── Data excerpts

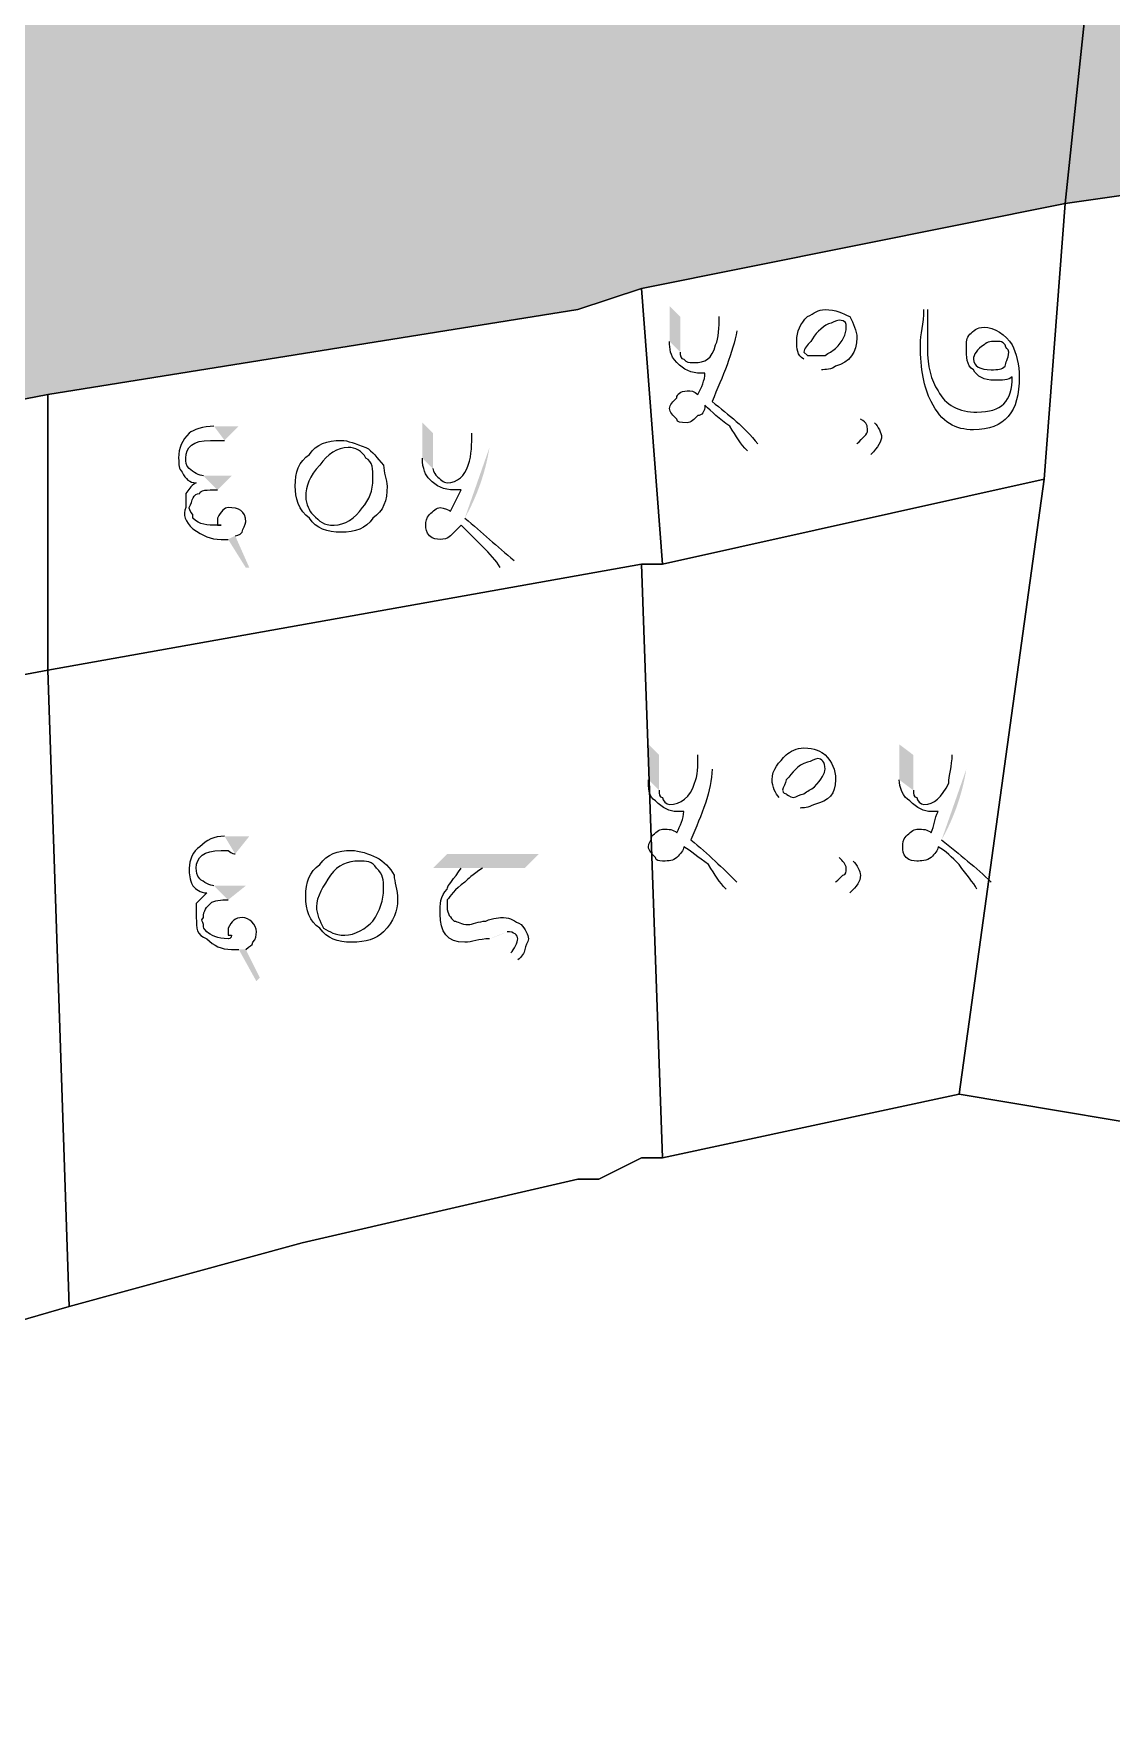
# Model space of a CAD drawing. Header units: metres. Extents: x 345912 to 349030, y 3061206 to 3061792.
# Drawn here: x 345993.01 to 346008.51, y 3061298.98 to 3061323.32 of the extents above; entities that cross this region are included whole.
import ezdxf

# ---------------------------------------------------------------- set-up
doc = ezdxf.new("R2010")
doc.units = ezdxf.units.M
doc.header["$MEASUREMENT"] = 0
doc.layers.add('PDF5_Geometry', color=7, linetype='Continuous')
doc.layers.add('PDF5_Solid Fills', color=7, linetype='Continuous')

msp = doc.modelspace()

# ---------------------------------------------------------------- hatches: boundary and pattern name
at = {"layer": 'PDF5_Solid Fills', "true_color": 0xc3c3c3, "transparency": 33554531}
h = msp.add_hatch(color=9, dxfattribs=at)
h.paths.add_polyline_path([(346031.62094, 3061309.60243), (346025.52494, 3061309.29763), (346024.61054, 3061318.44163), (346023.69614, 3061323.62323), (346029.48734, 3061324.84243), (346029.79214, 3061324.84243), (346030.70654, 3061319.66083), (346031.01134, 3061315.69843)], flags=0)
h.paths.add_polyline_path([(346033.75454, 3061286.43763), (346027.35374, 3061286.13283), (346026.43934, 3061296.19123), (346032.84014, 3061296.19123)], flags=0)
h.paths.add_polyline_path([(346007.84654, 3061320.88003), (346001.75053, 3061319.66083), (346000.83614, 3061319.35603), (345993.21614, 3061318.13683), (345983.76734, 3061316.30803), (345983.46254, 3061316.30803), (345961.21214, 3061312.04083), (345962.12653, 3061318.13683), (345981.02414, 3061321.79443), (345990.47293, 3061323.31843), (345999.31213, 3061325.14723), (346008.45614, 3061326.67123)], flags=0)
h.paths.add_polyline_path([(346037.41214, 3061326.36643), (346034.05934, 3061325.75683), (346034.05934, 3061326.06163), (346033.75454, 3061328.80483), (346037.10734, 3061329.41443)], flags=0)
h.paths.add_polyline_path([(346023.69614, 3061323.62323), (346015.46654, 3061322.09923), (346015.16174, 3061322.09923), (346014.85694, 3061322.09923), (346014.24734, 3061321.79443), (346007.84654, 3061320.88003), (346008.45614, 3061326.67123), (346018.81934, 3061328.80483), (346019.12414, 3061328.80483), (346019.42893, 3061329.10963), (346019.73374, 3061329.10963), (346020.03854, 3061329.10963), (346022.47694, 3061329.71923)], flags=0)
h.paths.add_polyline_path([(346029.48734, 3061324.84243), (346023.69614, 3061323.62323), (346022.47694, 3061329.71923), (346026.74414, 3061330.63363), (346028.57294, 3061330.93843), (346029.18254, 3061325.14723)], flags=0)
h.paths.add_polyline_path([(346033.75454, 3061328.80483), (346034.05934, 3061326.06163), (346034.05934, 3061325.75683), (346029.48734, 3061324.84243), (346029.18254, 3061325.14723), (346028.57294, 3061330.93843), (346030.70654, 3061331.24323), (346033.44974, 3061331.54803), (346033.44974, 3061330.93843)], flags=0)
h.paths.add_polyline_path([(346037.10734, 3061329.41443), (346033.75454, 3061328.80483), (346033.44974, 3061330.93843), (346033.44974, 3061331.54803), (346036.80254, 3061332.15763)], flags=0)
h.paths.add_polyline_path([(346125.80414, 3061271.19763), (346124.88974, 3061272.41683), (346122.14653, 3061274.85523), (346119.70814, 3061275.16003), (346113.61213, 3061277.29363), (346104.46814, 3061280.03683), (346097.76254, 3061281.56083), (346092.58094, 3061281.56083), (346089.53293, 3061281.25603), (346087.39933, 3061280.34163), (346079.16973, 3061276.07443), (346073.07373, 3061271.80723), (346070.94013, 3061271.19763), (345957.24973, 3061271.19763), (345956.94494, 3061272.41683), (345956.94494, 3061274.55043), (345957.85933, 3061287.96163), (345958.16414, 3061289.79043), (345958.16414, 3061296.19123), (345958.46894, 3061304.42083), (345959.38333, 3061311.12643), (345960.29774, 3061314.78403), (345960.29774, 3061320.27043), (345961.21214, 3061323.62323), (345964.26013, 3061333.07203), (345963.65053, 3061336.12003), (345963.34574, 3061337.03443), (345960.29774, 3061345.87363), (345956.94494, 3061356.84643), (345952.67774, 3061370.56243), (345952.67774, 3061373.91523), (345952.67774, 3061381.23043), (345949.93454, 3061391.59363), (345947.80094, 3061402.87124), (345945.05773, 3061411.40564), (345943.53373, 3061414.45363), (345940.48573, 3061418.11124), (345936.82814, 3061421.76883), (345932.86573, 3061427.56003), (345926.16013, 3061436.70403), (345924.63614, 3061440.36163), (345918.54013, 3061442.49523), (345914.57773, 3061443.40963), (345915.49213, 3061444.62883), (345924.33133, 3061441.88564), (345924.94094, 3061442.80003), (345924.33133, 3061448.28643), (345920.97853, 3061460.17363), (345917.32094, 3061466.87923), (345919.14974, 3061468.09844), (345923.11213, 3061460.47844), (345924.33133, 3061455.90643), (345926.46493, 3061446.76243), (345927.07454, 3061438.83763), (345930.12254, 3061435.18003), (345931.64653, 3061432.43683), (345936.82814, 3061424.81683), (345942.31454, 3061418.41603), (345944.75293, 3061415.06323), (345947.80094, 3061408.66243), (345949.93454, 3061401.04243), (345950.54414, 3061396.47043), (345954.20174, 3061382.14483), (345954.81134, 3061373.91523), (345955.11613, 3061371.17203), (345959.68814, 3061354.71283), (345964.86973, 3061340.08243), (345965.78414, 3061336.12003), (345965.17454, 3061329.71923), (345962.43134, 3061321.18483), (345962.12653, 3061318.13683), (345961.21214, 3061312.04083), (345960.90734, 3061307.77363), (345959.99293, 3061299.23923), (345959.68814, 3061287.65683), (345959.68814, 3061286.74243), (345959.38333, 3061285.52323), (345959.07854, 3061279.73203), (345958.77373, 3061275.46483), (345959.07854, 3061273.02643), (345959.38333, 3061271.19763), (346064.84414, 3061271.19763), (346065.75853, 3061271.50243), (346070.33053, 3061272.72163), (346075.20734, 3061274.85523), (346078.56013, 3061277.29363), (346085.87534, 3061281.25603), (346086.48494, 3061281.56083), (346087.39933, 3061281.86563), (346090.44734, 3061282.78003), (346097.45774, 3061282.78003), (346105.99214, 3061280.95123), (346116.05054, 3061278.20803), (346117.87933, 3061277.29363), (346118.79373, 3061276.98883), (346124.88974, 3061274.55043), (346127.32814, 3061272.41683), (346127.63293, 3061272.11203), (346128.24254, 3061271.19763)], flags=0)
h.paths.add_polyline_path([(346032.84014, 3061296.19123), (346026.43934, 3061296.19123), (346025.52494, 3061309.29763), (346031.62094, 3061309.60243), (346031.92574, 3061307.77363), (346032.53534, 3061298.02003)], flags=0)
h = msp.add_hatch(color=9, dxfattribs=at)
h.paths.add_polyline_path([(346031.62094, 3061309.60243), (346025.52494, 3061309.29763), (346024.61054, 3061318.44163), (346023.69614, 3061323.62323), (346029.48734, 3061324.84243), (346029.79214, 3061324.84243), (346030.70654, 3061319.66083), (346031.01134, 3061315.69843)], flags=0)
h.paths.add_polyline_path([(346033.75454, 3061286.43763), (346027.35374, 3061286.13283), (346026.43934, 3061296.19123), (346032.84014, 3061296.19123)], flags=0)
h.paths.add_polyline_path([(346007.84654, 3061320.88003), (346001.75053, 3061319.66083), (346000.83614, 3061319.35603), (345993.21614, 3061318.13683), (345983.76734, 3061316.30803), (345983.46254, 3061316.30803), (345961.21214, 3061312.04083), (345962.12653, 3061318.13683), (345981.02414, 3061321.79443), (345990.47293, 3061323.31843), (345999.31213, 3061325.14723), (346008.45614, 3061326.67123)], flags=0)
h.paths.add_polyline_path([(346037.41214, 3061326.36643), (346034.05934, 3061325.75683), (346034.05934, 3061326.06163), (346033.75454, 3061328.80483), (346037.10734, 3061329.41443)], flags=0)
h.paths.add_polyline_path([(346023.69614, 3061323.62323), (346015.46654, 3061322.09923), (346015.16174, 3061322.09923), (346014.85694, 3061322.09923), (346014.24734, 3061321.79443), (346007.84654, 3061320.88003), (346008.45614, 3061326.67123), (346018.81934, 3061328.80483), (346019.12414, 3061328.80483), (346019.42893, 3061329.10963), (346019.73374, 3061329.10963), (346020.03854, 3061329.10963), (346022.47694, 3061329.71923)], flags=0)
h.paths.add_polyline_path([(346029.48734, 3061324.84243), (346023.69614, 3061323.62323), (346022.47694, 3061329.71923), (346026.74414, 3061330.63363), (346028.57294, 3061330.93843), (346029.18254, 3061325.14723)], flags=0)
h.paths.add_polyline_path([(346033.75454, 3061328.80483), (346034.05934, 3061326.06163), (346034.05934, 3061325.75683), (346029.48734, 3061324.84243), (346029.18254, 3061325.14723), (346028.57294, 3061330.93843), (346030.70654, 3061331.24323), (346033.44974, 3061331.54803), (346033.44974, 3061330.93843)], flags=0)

────

* _Task item_:
From the records above, pull out every line containing the word "ezdxf".

* _Solution below_:
import ezdxf
doc = ezdxf.new("R2010")
doc.units = ezdxf.units.M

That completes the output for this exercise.